• YOUR TASK:
Copy every record word for word. The images stay behind.

• LISTED RECORDS:
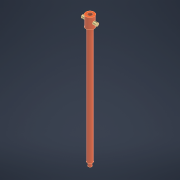
# Autodesk Inventor part: boom 3
Saved by Autodesk Inventor 2021 (Build 250183000, 183)
## iProperties
Created: 2020-12-24
Part Number: boom 3
Material: Steel, Mild
Document SubType Name: Modeling
Designer: Vikki
Density: 7.85 g/cm^3
Appearance: Smooth - Light Orange
Mass: 118.153 g
Surface Area: 81.4016 cm^2
Volume: 15.0513 cm^3
Author: Vikki
Autodesk Inventor part; units mm, degrees
ref_plane "XZ Plane" through (0, 0, 0) normal (0, 1, 0) x (-1, 0, 0)
ref_plane "XY Plane" through (0, 0, 0) normal (0, 0, 1) x (1, 0, 0)
sketch "Sketch1" plane through (0, 0, 0) normal (0, 1, 0) x (-1, 0, 0)
  circle A0 centre (0, 0) radius 5
  dimension "d0" = 10
  constraints: 1 centre point, 1 coincident
  measures "d0" diameter of A0
extrude "Extrusion1" add sketch "Sketch1" along normal blind 240
sketch "Sketch2" plane through (0, 240, 0) normal (0, 1, 0) x (1, 0, 0)
  circle A0 centre (0, 0) radius 4.25
  circle A1 centre (0, 0) radius 7.75
  dimension "d3" = 8.5
  dimension "d4" = 15.5
  constraints: 2 centre point, 2 coincident
  measures "d3" diameter of A0
  measures "d4" diameter of A1
extrude "Extrusion2" add sketch "Sketch2" against normal blind 20
ref_plane "Work Plane1" through (-7.75, 240, 0) normal (1, 0, 0) x (0, 1, 0)
sketch "Sketch3" plane through (-7.75, 240, 0) normal (1, 0, 0) x (0, 1, 0)
  circle A0 centre (-10, 0) radius 3
  line L0 (0, -7.75) -> (0, 7.75) projected
  point P0 (-240, 0)
  point P1 (0, 0)
  dimension "d7" = 6
  dimension "d8" = 10
  constraints: 1 centre point, 1 horizontal alignment, 1 midpoint
  measures "d7" diameter of A0
  measures "d8" distance from line of L0 A0.centre
extrude "Extrusion3" add sketch "Sketch3" along normal blind 2 and the other way blind 6
mirror "Mirror1" about plane through (0, 0, 0) normal (1, 0, 0) of "Extrusion3"
sketch "Sketch4" plane through (0, 0, 0) normal (0, -1, 0) x (1, 0, 0)
  circle A0 centre (0, 0) radius 3.25
  dimension "d13" = 6.5
  constraints: 1 centre point, 1 coincident
  measures "d13" diameter of A0
extrude "Extrusion4" add sketch "Sketch4" along normal blind 7
sketch "Sketch5" plane through (0, 240, 0) normal (0, 1, 0) x (1, 0, 0)
  circle A0 centre (0, 0) radius 7.75 projected
  circle A1 centre (0, 0) radius 4
  dimension "d16" = 8
  constraints: 1 centre point, 1 coincident
  measures "d16" diameter of A1
extrude "Extrusion5" cut sketch "Sketch5" against normal blind 16 contours A1
sketch "Sketch6" plane through (13.75, 230, 0) normal (1, 0, 0) x (0, 0, -1)
  circle A0 centre (0, 0) radius 3 projected
  point P0 (0, -230)
extrude "Extrusion6" add sketch "Sketch6" against normal up to surface (27.5 mm away)
body "Solid1"
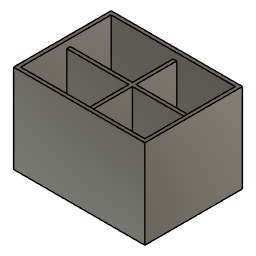
10408김준호_보관함 (Autodesk Fusion 360 design; units mm, degrees)
Autodesk Fusion 360 part; units mm, degrees
box "상자 기본체2" add length 55 width 74 height 50 placed x (0, 1, 0) y (-1, 0, 0) z (0, 0, 1) at (49, -25, 0)
shell "쉘1" thickness 2 removed faces 1 at (-0.3333, -6.6667, 50)
box "상자 기본체3" add length 2 width 70 height 1 placed x (0, -1, 0) y (1, 0, 0) z (0, 0, 1) at (-23, 5, 2)
box "상자 기본체4" cut length 51 width 2 height 1 placed x (0, -1, 0) y (1, 0, 0) z (0, 0, 1) at (12, 28, 2)
box "상자 기본체5" add length 51 width 2 height 1 placed x (0, 1, 0) y (-1, 0, 0) z (0, 0, 1) at (14, -23, 2)
extrude "돌출1" add 1 faces at (0.3333, 3.6667, 3) along direction (0, 0, 1) blind 43

• COMPLETED TASK:
# Autodesk Inventor part: boom 3
Saved by Autodesk Inventor 2021 (Build 250183000, 183)
## iProperties
Created: 2020-12-24
Part Number: boom 3
Material: Steel, Mild
Document SubType Name: Modeling
Designer: Vikki
Density: 7.85 g/cm^3
Appearance: Smooth - Light Orange
Mass: 118.153 g
Surface Area: 81.4016 cm^2
Volume: 15.0513 cm^3
Author: Vikki
Autodesk Inventor part; units mm, degrees
ref_plane "XZ Plane" through (0, 0, 0) normal (0, 1, 0) x (-1, 0, 0)
ref_plane "XY Plane" through (0, 0, 0) normal (0, 0, 1) x (1, 0, 0)
sketch "Sketch1" plane through (0, 0, 0) normal (0, 1, 0) x (-1, 0, 0)
  circle A0 centre (0, 0) radius 5
  dimension "d0" = 10
  constraints: 1 centre point, 1 coincident
  measures "d0" diameter of A0
extrude "Extrusion1" add sketch "Sketch1" along normal blind 240
sketch "Sketch2" plane through (0, 240, 0) normal (0, 1, 0) x (1, 0, 0)
  circle A0 centre (0, 0) radius 4.25
  circle A1 centre (0, 0) radius 7.75
  dimension "d3" = 8.5
  dimension "d4" = 15.5
  constraints: 2 centre point, 2 coincident
  measures "d3" diameter of A0
  measures "d4" diameter of A1
extrude "Extrusion2" add sketch "Sketch2" against normal blind 20
ref_plane "Work Plane1" through (-7.75, 240, 0) normal (1, 0, 0) x (0, 1, 0)
sketch "Sketch3" plane through (-7.75, 240, 0) normal (1, 0, 0) x (0, 1, 0)
  circle A0 centre (-10, 0) radius 3
  line L0 (0, -7.75) -> (0, 7.75) projected
  point P0 (-240, 0)
  point P1 (0, 0)
  dimension "d7" = 6
  dimension "d8" = 10
  constraints: 1 centre point, 1 horizontal alignment, 1 midpoint
  measures "d7" diameter of A0
  measures "d8" distance from line of L0 A0.centre
extrude "Extrusion3" add sketch "Sketch3" along normal blind 2 and the other way blind 6
mirror "Mirror1" about plane through (0, 0, 0) normal (1, 0, 0) of "Extrusion3"
sketch "Sketch4" plane through (0, 0, 0) normal (0, -1, 0) x (1, 0, 0)
  circle A0 centre (0, 0) radius 3.25
  dimension "d13" = 6.5
  constraints: 1 centre point, 1 coincident
  measures "d13" diameter of A0
extrude "Extrusion4" add sketch "Sketch4" along normal blind 7
sketch "Sketch5" plane through (0, 240, 0) normal (0, 1, 0) x (1, 0, 0)
  circle A0 centre (0, 0) radius 7.75 projected
  circle A1 centre (0, 0) radius 4
  dimension "d16" = 8
  constraints: 1 centre point, 1 coincident
  measures "d16" diameter of A1
extrude "Extrusion5" cut sketch "Sketch5" against normal blind 16 contours A1
sketch "Sketch6" plane through (13.75, 230, 0) normal (1, 0, 0) x (0, 0, -1)
  circle A0 centre (0, 0) radius 3 projected
  point P0 (0, -230)
extrude "Extrusion6" add sketch "Sketch6" against normal up to surface (27.5 mm away)
body "Solid1"
10408김준호_보관함 (Autodesk Fusion 360 design; units mm, degrees)
Autodesk Fusion 360 part; units mm, degrees
box "상자 기본체2" add length 55 width 74 height 50 placed x (0, 1, 0) y (-1, 0, 0) z (0, 0, 1) at (49, -25, 0)
shell "쉘1" thickness 2 removed faces 1 at (-0.3333, -6.6667, 50)
box "상자 기본체3" add length 2 width 70 height 1 placed x (0, -1, 0) y (1, 0, 0) z (0, 0, 1) at (-23, 5, 2)
box "상자 기본체4" cut length 51 width 2 height 1 placed x (0, -1, 0) y (1, 0, 0) z (0, 0, 1) at (12, 28, 2)
box "상자 기본체5" add length 51 width 2 height 1 placed x (0, 1, 0) y (-1, 0, 0) z (0, 0, 1) at (14, -23, 2)
extrude "돌출1" add 1 faces at (0.3333, 3.6667, 3) along direction (0, 0, 1) blind 43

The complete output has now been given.